But by the 1960s gays themselves started to “come out” and most noteworthy, writing letters to the papers, and articles for left wing periodicals, was a colliery clerk, Allan Horsfall from Lancashire.

Out of Allan Horsfall’s energy a group gathered in Manchester to support Antony Grey in London and this group were more radical, and were mainly gay – and quite soon all gay – so it was out of Manchester a movement began to demand full law change. There must be equality: an end to discrimination and C H E as it became called advocated and worked for the practise and use by gays of their rights under the law. And to actively claim what should be their right.

So CHE Campaign for Homosexual Equality became this great national movement of a vast range of gays from Tories to Lefties, from north and south, from promiscuous to partnered – and it worked in two great areas – to lobby for Parliamentarians to change the law – and the harder work of having public opinion constantly being “educated”. And in a second way CHE was great in making pioneering moves to have society accept gays might want their own dances/clubs and ways of meeting. And meeting without fear.


 

 

 

 

 

 

 

 

 

 

 

 

 

 

 

 

Early CHE Handbill - 1966By the 1980s and 1990s many of the objectives had been won and as laws were changed, and gays took advantage, the need for a political mass movement on a CHE scale fell away. Many gays were starting living just normal lives – and partnering openly – and for those who wanted it - creating an open social life – of clubs: chat lines: personal ads: and even cruising pages on the Internet became eventually accepted.

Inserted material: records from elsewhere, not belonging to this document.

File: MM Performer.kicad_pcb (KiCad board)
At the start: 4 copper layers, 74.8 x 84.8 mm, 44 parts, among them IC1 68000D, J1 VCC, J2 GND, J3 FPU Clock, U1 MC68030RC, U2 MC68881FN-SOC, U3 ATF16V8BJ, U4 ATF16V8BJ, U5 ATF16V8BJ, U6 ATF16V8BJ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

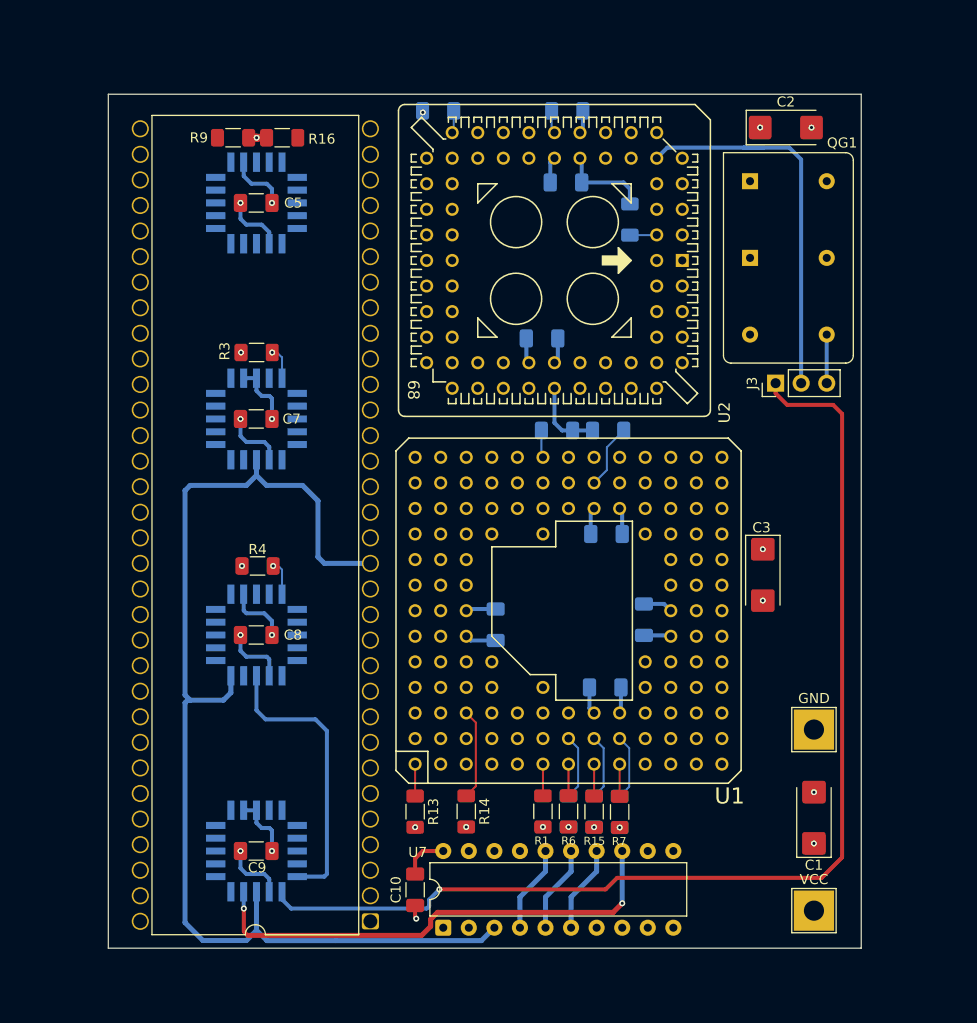
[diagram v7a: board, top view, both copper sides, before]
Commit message: Tweak the routing some more
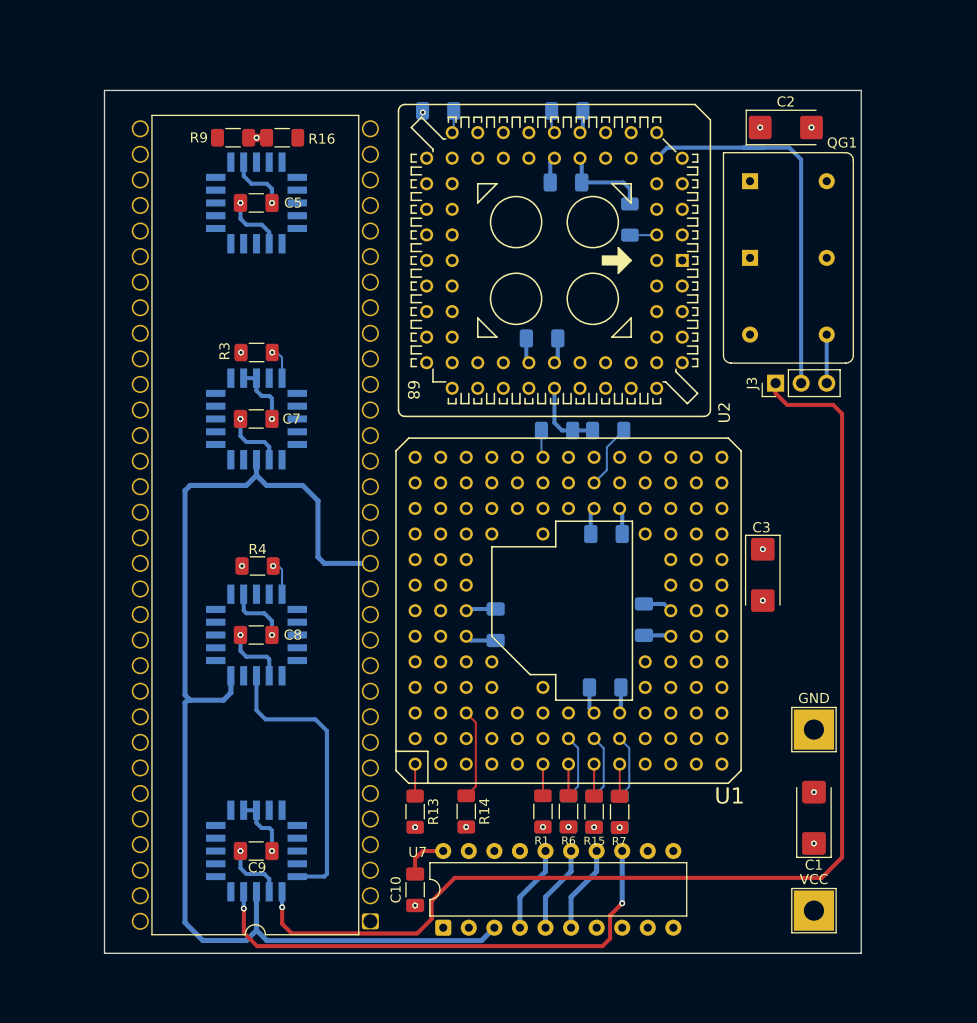
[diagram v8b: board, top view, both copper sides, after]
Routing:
- net /CLK_30: track 111.8 -> 115.9 mm
- net /C16M: track 48.6 -> 50.5 mm
- net GND: track 727.0 -> 728.1 mm
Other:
- board size 74.8 x 84.8 mm -> 75.2 x 85.7 mm

While some gays later took a leaf from the U.S.A. experience and founded a copycat radical pink revolutionary path of Gay Liberation, CHE was always wary of Gay Lib – taking a much broader, all encompassing view that gays came in all shapes and shades and sizes – and true freedom would be when being gay no longer mattered. And of course C H E was democratic – the membership voted: the annual conferences passed binding motions in a trade union manner. It was “built in” though, that victory would be won when to be gay no longer mattered . It’d be the kind of quality of person you are that matters - a situation that has at last, as far as the written law is concerned, come to pass.

The successors to CHE were STONEWALL the professional lobby group who pushed through the final tidies to the law in a professional lobby way – and Peter Tatchell’s OUTRAGE who want freedoms we had won to happen in Zimbabwe and abroad, and wanted a more radical shake of sex politics/ thought. In fact on reflection STONEWALL is more like a successor to the lobby effort of Antony Grey’s Homosexual Law Reform Society, and Peter Tatchell’s OUTRAGE more a successor to the militant Gay Lib of Bob Mellors.

Gay Pride ? – well that today is a parade of hedonists – it’s a Mardi Gras and politics have gone. The need has passed. CHE trod the broad and middle ground – in a politically populist way and there’s no need for that now. So – although CHE does still exist – it is no way what it was and no other movement has or could come along and do what it did – for that time has thankfully passed and been won.

The founder of CHE was Allan Horsfall – a colliery clerk, and his partner Harold Pollard a primary school head. Allan is still alive and lives in Bolton, Greater Manchester. Early on CHE was greatly helped by the Church of England in Manchester Diocese who provided the early meeting rooms at the Board for Social Responsibility offices in Blackfriars Road, Salford. And provided CHE with its first chairman – a non gay Scot, Colin Harvey, who worked full time as a lay worker for the Church of England Manchester Diocese and was a greats supporter of gay rights.

CHE’s early development was also greatly helped by the then Bishop of Middleton (Manchester), another non gay, Ted Wickham, a Cockney, who was willing to stand out and be the first Vice-President of the early CHE.
As was Neil Pearson, a leading Manchester solicitor, who was the first President.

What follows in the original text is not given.